Bendito aquele que te acolheu favoravelmente

Noemi, ao perder marido e filhos em terra estrangeira, está reduzida à pobreza extrema. Ela vive da bondade das pessoas para tudo. Levítico 19.9,10 registra uma provisão que Deus havia feito para a sobrevivência dos pobres. Aí diz: “Quando também segares a messe da tua terra, o canto do teu campo não segarás totalmente, nem as espigas caídas colherás da tua messe. Não rebuscarás a tua vinha, nem colherás os bagos caídos da tua vinha. Deixá-los-ás ao pobre e ao estrangeiro. Eu sou o Senhor, vosso Deus”. Noemi está pobre. Rute, a nora que decidiu acompanhá-la no seu retorno à pátria e à sua família, é estrangeira.
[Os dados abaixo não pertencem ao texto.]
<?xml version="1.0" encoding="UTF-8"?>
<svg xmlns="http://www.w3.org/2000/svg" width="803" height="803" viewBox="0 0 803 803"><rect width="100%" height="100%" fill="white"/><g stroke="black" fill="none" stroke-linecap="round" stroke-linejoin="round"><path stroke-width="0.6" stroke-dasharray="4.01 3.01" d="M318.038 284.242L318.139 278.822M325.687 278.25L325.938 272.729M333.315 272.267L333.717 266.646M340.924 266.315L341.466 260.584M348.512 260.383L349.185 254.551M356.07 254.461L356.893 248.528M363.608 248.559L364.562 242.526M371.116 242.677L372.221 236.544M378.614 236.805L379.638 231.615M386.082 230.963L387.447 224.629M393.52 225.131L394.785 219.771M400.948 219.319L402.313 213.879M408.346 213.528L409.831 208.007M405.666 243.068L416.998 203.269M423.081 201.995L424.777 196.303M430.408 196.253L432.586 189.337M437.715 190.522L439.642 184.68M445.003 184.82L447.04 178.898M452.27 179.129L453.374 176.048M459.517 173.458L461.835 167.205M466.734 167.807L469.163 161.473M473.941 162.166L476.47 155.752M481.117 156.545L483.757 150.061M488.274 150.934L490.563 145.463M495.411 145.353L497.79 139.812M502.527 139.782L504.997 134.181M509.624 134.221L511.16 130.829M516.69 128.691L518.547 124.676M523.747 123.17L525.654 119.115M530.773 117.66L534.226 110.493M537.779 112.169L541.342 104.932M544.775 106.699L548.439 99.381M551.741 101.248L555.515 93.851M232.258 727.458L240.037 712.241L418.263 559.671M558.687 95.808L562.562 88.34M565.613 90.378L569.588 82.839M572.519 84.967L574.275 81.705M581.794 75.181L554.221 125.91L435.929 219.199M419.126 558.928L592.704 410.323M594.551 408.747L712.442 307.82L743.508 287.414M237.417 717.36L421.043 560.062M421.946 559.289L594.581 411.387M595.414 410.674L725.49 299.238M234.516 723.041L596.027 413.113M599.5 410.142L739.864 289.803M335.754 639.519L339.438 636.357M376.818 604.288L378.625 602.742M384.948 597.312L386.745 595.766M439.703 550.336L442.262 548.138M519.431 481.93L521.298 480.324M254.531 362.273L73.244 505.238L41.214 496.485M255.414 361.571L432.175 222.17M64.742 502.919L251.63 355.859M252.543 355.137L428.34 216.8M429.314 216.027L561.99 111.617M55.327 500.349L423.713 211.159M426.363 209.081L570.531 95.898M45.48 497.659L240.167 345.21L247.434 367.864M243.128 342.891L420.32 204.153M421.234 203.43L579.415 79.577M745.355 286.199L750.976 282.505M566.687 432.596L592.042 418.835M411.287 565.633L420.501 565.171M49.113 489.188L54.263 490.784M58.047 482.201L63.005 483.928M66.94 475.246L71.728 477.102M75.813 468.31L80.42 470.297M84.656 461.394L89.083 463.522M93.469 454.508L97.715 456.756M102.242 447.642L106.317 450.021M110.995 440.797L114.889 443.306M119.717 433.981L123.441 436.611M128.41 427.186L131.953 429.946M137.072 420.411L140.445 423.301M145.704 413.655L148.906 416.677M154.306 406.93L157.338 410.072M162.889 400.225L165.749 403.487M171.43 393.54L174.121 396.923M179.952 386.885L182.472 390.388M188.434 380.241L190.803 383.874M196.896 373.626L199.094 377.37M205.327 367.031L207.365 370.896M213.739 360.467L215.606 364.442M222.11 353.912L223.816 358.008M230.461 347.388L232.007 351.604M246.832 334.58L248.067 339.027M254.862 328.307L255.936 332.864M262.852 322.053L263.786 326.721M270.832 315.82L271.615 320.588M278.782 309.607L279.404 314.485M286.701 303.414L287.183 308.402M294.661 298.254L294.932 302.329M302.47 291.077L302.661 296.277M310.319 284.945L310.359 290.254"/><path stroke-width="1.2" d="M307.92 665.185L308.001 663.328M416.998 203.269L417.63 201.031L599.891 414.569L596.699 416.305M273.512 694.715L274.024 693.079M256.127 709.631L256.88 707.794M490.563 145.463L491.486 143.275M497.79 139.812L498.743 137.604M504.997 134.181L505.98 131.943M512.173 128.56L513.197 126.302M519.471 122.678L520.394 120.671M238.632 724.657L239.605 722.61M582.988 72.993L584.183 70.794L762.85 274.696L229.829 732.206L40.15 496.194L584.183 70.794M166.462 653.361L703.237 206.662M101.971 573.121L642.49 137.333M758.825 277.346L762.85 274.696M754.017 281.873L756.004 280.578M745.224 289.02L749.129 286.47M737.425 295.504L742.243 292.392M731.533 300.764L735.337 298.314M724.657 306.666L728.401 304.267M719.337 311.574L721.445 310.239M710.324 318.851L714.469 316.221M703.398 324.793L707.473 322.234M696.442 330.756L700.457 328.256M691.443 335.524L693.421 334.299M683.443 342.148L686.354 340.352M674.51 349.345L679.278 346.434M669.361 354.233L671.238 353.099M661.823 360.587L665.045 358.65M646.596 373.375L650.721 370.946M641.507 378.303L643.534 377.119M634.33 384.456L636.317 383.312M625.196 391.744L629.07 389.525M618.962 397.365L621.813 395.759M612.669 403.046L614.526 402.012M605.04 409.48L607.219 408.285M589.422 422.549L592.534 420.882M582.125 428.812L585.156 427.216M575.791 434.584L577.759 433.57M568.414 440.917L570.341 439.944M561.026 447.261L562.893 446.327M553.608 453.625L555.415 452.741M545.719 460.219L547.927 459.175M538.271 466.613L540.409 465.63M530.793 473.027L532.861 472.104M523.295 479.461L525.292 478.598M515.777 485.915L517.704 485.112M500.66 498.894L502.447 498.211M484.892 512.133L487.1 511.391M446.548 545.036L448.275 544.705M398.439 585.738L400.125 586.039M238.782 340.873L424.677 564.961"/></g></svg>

É tempo da colheita da cevada. Rute se oferece para repassar os campos em colheita para trazer alguma coisa na volta. Talvez lhe custa depender em tudo da bondade alheia.

É importante conhecermos a vida de Noemi. Por que ela decidiu voltar? Não fazia ideia daquilo que a aguardava no seu retorno? Ou a opção de ficar na terra dos moabitas lhe parecia pessoalmente ainda mais traumática? Verdade é que, ao sair com o marido Elimeleque de Belém para a terra de Moabe (Rt 1.1), Noemi já estava fugindo da fome e da miséria. Agora está de volta. Não há mais o flagelo da fome em Belém. Mas Noemi está à margem, na miséria, em sua própria terra. Ela diz: “Não me chameis de Noemi; chamai-me Mara (amarga), porque grande amargura me tem dado o Todo-Poderoso. Ditosa eu parti, porém o Senhor me fez voltar pobre” (1. 20,21).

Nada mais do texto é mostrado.